In 1817, 70 years after the earthquake and the tsunami, the Russian-American Company employee, head of the Sitka office, Kiril Timofeevich Khlebnikov (1784–1838) visited Callao. His account of the events of what happened on 28 October 1746 may have slight factual mistakes, but he is generally considered a good witness of things he saw with his own eyes, and his attitude in writing history is characterised as sober and realistic. It is also known that he kept a diary. Khlebnikov wrote in his memoirs:

In Lima I saw... an extremely astonishing sight. There, near the village of Bellavista, are still the remains of a stone wall and a few cellars, which remained from the terrible earthquake of 1746. In connection of the quake, after a few powerful shocks, the ocean had first retreated and then flowed back with a terrible force and engulfed the town and the fortress of Callao, and 24 vessels which carried silver worth 300 million piasters, and the 4 000 inhabitants of the town. Some of the fort's walls remained intact, and within these walls 22 persons survived these events.
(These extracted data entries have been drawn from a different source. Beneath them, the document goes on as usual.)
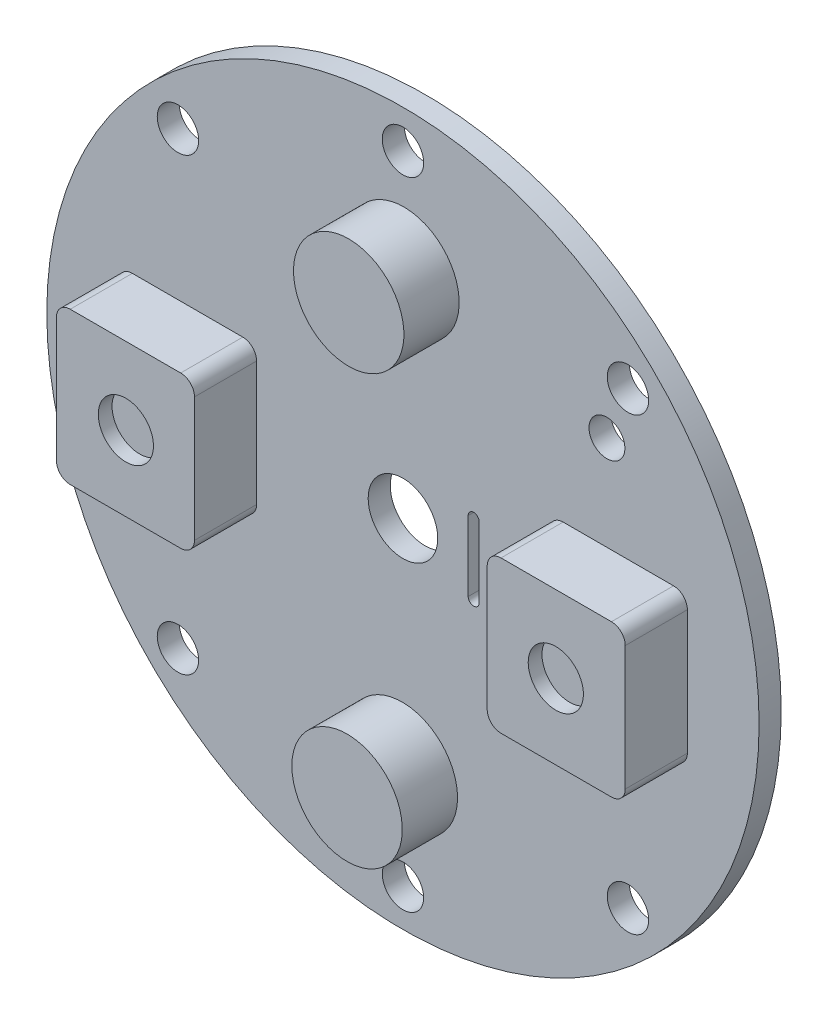
from build123d import *

# Parameters (mm, degrees)
EXTRUDE_START       = -31.200418
SKETCH_1_R          = 25.8
SKETCH_1_R_2        = 2.52
SKETCH_1_R_3        = 1.5
SKETCH_1_R_4        = 1.3
EXTRUDE_1_DEPTH     = 1.6
SKETCH_3_R          = 4
EXTRUDE_2_DEPTH     = 4
EXTRUDE_2_2_DEPTH   = 4
EXTRUDE_3_DEPTH     = 4.5
EXTRUDE_3_2_DEPTH   = 4.5
CUT_EXTRUDE_START   = -26.700418
SKETCH_5_R          = 2
CUT_EXTRUDE_1_DEPTH = 1
CUT_EXTRUDE_START_2 = -32.800418
CUT_EXTRUDE_2_DEPTH = 1.6


with BuildPart() as part:
    # 草图1 → 凸台-拉伸1 (new body)
    with BuildSketch(Plane.XY.offset(EXTRUDE_START)):
        with Locations(Location((-24.698490112, -1.512152456, 0), (0, 0, 180))):
            Circle(SKETCH_1_R)
        with Locations(Location((-24.698490112, -1.512152456, 0), (0, 0, 180))):
            Circle(SKETCH_1_R_2, mode=Mode.SUBTRACT)
        with Locations(Location((-24.698490112, 21.537847164, 0), (0, 0, 180))):
            Circle(SKETCH_1_R_3, mode=Mode.SUBTRACT)
        with Locations(Location((-40.997301149, 14.786658582, 0), (0, 0, 180))):
            Circle(SKETCH_1_R_3, mode=Mode.SUBTRACT)
        with Locations(Location((-40.997301149, -17.810963493, 0), (0, 0, 180))):
            Circle(SKETCH_1_R_3, mode=Mode.SUBTRACT)
        with Locations(Location((-24.698490112, -24.562152076, 0), (0, 0, 180))):
            Circle(SKETCH_1_R_3, mode=Mode.SUBTRACT)
        with Locations(Location((-8.399679074, -17.810963493, 0), (0, 0, 180))):
            Circle(SKETCH_1_R_3, mode=Mode.SUBTRACT)
        with Locations(Location((-8.399679074, 14.786658582, 0), (0, 0, 180))):
            Circle(SKETCH_1_R_3, mode=Mode.SUBTRACT)
        with Locations(Location((-9.921679074, 10.918658582, 0), (0, 0, 180))):
            Circle(SKETCH_1_R_4, mode=Mode.SUBTRACT)
    extrude(amount=-EXTRUDE_1_DEPTH)

    # 草图6 → 切除-拉伸2 (cut)
    with BuildSketch(Plane.XY.offset(CUT_EXTRUDE_START_2)):
        with BuildLine():
            Line((-19.174590627, 1.027847544), (-19.174590627, -4.052152456))
            ThreePointArc((-19.174590627, -4.052152456), (-19.574590627, -4.452152456), (-19.974590627, -4.052152456))
            Line((-19.974590627, -4.052152456), (-19.974590627, 1.027847544))
            ThreePointArc((-19.974590627, 1.027847544), (-19.574590627, 1.427847544), (-19.174590627, 1.027847544))
        make_face()
    extrude(amount=CUT_EXTRUDE_2_DEPTH, mode=Mode.SUBTRACT)


with BuildPart() as body_2:
    # 草图3 → 凸台-拉伸2 (new body)
    with BuildSketch(Plane.XY.offset(EXTRUDE_START)):
        with Locations(Location((-24.628347114, 14.059607135, 0), (0, 0, 180))):
            Circle(SKETCH_3_R)
    extrude(amount=EXTRUDE_2_DEPTH)


with BuildPart() as body_3:
    # 草图3 → Extrude 2 2 (new body)
    with BuildSketch(Plane.XY.offset(EXTRUDE_START)):
        with Locations(Location((-24.746304895, -17.062338322, 0), (0, 0, 180))):
            Circle(SKETCH_3_R)
    extrude(amount=EXTRUDE_2_2_DEPTH)


with BuildPart() as body_4:
    # 草图4 → 凸台-拉伸3 (new body)
    with BuildSketch(Plane.XY.offset(EXTRUDE_START)):
        with BuildLine():
            Line((-4.09665046, -1.442388212), (-4.09665046, 3.057611788))
            ThreePointArc((-4.09665046, 3.057611788), (-4.389543679, 3.764718569), (-5.09665046, 4.057611788))
            Line((-5.09665046, 4.057611788), (-13.09665046, 4.057611788))
            ThreePointArc((-13.09665046, 4.057611788), (-13.803757241, 3.764718569), (-14.09665046, 3.057611788))
            Line((-14.09665046, 3.057611788), (-14.09665046, -5.942388212))
            ThreePointArc((-14.09665046, -5.942388212), (-13.803757241, -6.649494993), (-13.09665046, -6.942388212))
            Line((-13.09665046, -6.942388212), (-5.09665046, -6.942388212))
            ThreePointArc((-5.09665046, -6.942388212), (-4.389543679, -6.649494993), (-4.09665046, -5.942388212))
            Line((-4.09665046, -5.942388212), (-4.09665046, -1.442388212))
        make_face()
    extrude(amount=EXTRUDE_3_DEPTH)


with BuildPart() as body_5:
    # 草图4 → Extrude 3 2 (new body)
    with BuildSketch(Plane.XY.offset(EXTRUDE_START)):
        with BuildLine():
            Line((-35.300329764, 3.057611788), (-35.300329764, -5.942388212))
            ThreePointArc((-35.300329764, -5.942388212), (-35.593222983, -6.649494993), (-36.300329764, -6.942388212))
            Line((-36.300329764, -6.942388212), (-44.300329764, -6.942388212))
            ThreePointArc((-44.300329764, -6.942388212), (-45.007436545, -6.649494993), (-45.300329764, -5.942388212))
            Line((-45.300329764, -5.942388212), (-45.300329764, -1.442388212))
            Line((-45.300329764, -1.442388212), (-45.300329764, 3.057611788))
            ThreePointArc((-45.300329764, 3.057611788), (-45.007436545, 3.764718569), (-44.300329764, 4.057611788))
            Line((-44.300329764, 4.057611788), (-36.300329764, 4.057611788))
            ThreePointArc((-36.300329764, 4.057611788), (-35.593222983, 3.764718569), (-35.300329764, 3.057611788))
        make_face()
    extrude(amount=EXTRUDE_3_2_DEPTH)


with BuildPart() as cut_extrude_1_tool:
    # 草图5 → 切除-拉伸1 (new body)
    with BuildSketch(Plane.XY.offset(CUT_EXTRUDE_START)):
        with Locations(Location((-9.126572542, -1.512152456, 0), (0, 0, 180))):
            Circle(SKETCH_5_R)
        with Locations(Location((-40.270407682, -1.512152456, 0), (0, 0, 180))):
            Circle(SKETCH_5_R)
    extrude(amount=-CUT_EXTRUDE_1_DEPTH)


with BuildPart() as body_4_1:
    add(body_4.part)

    # 切除-拉伸1: cut by cut_extrude_1_tool
    add(cut_extrude_1_tool.part, mode=Mode.SUBTRACT)


with BuildPart() as body_5_1:
    add(body_5.part)

    # 切除-拉伸1: cut by cut_extrude_1_tool
    add(cut_extrude_1_tool.part, mode=Mode.SUBTRACT)


solid = Compound([part.part, body_2.part, body_3.part, body_4_1.part, body_5_1.part])

After this terrible devastation, bodies of the drowned were thrown to the beach by the waves of the ocean, and later they were collected and stacked in the cellars. In time the bodies decomposed, the cellars collapsed, and piles of skulls and bones came to the surface from the ruins. We stood for a long time in the Callao harbor in 1817, and we often took walks to the surrounding area, and with feelings of pity we looked upon the earthly remains of such a large group of people, people like us, scattered on the ground, to the shame of coming generations. When facing a sight such as this, views on the vanity of the world and all worldly things appear in our mind completely different from the views we earlier had when floating with the whirl of these vanities.
— Kiril Timofeevich Khlebnikov

==Remembrance==
Because the mural of the Lord of Miracles survived the earthquake intact, it became a special object of veneration in the city. There is an annual procession in which the image is carried through the streets of Lima, and it is customary for the faithful to wear purple during the month of October in commemoration.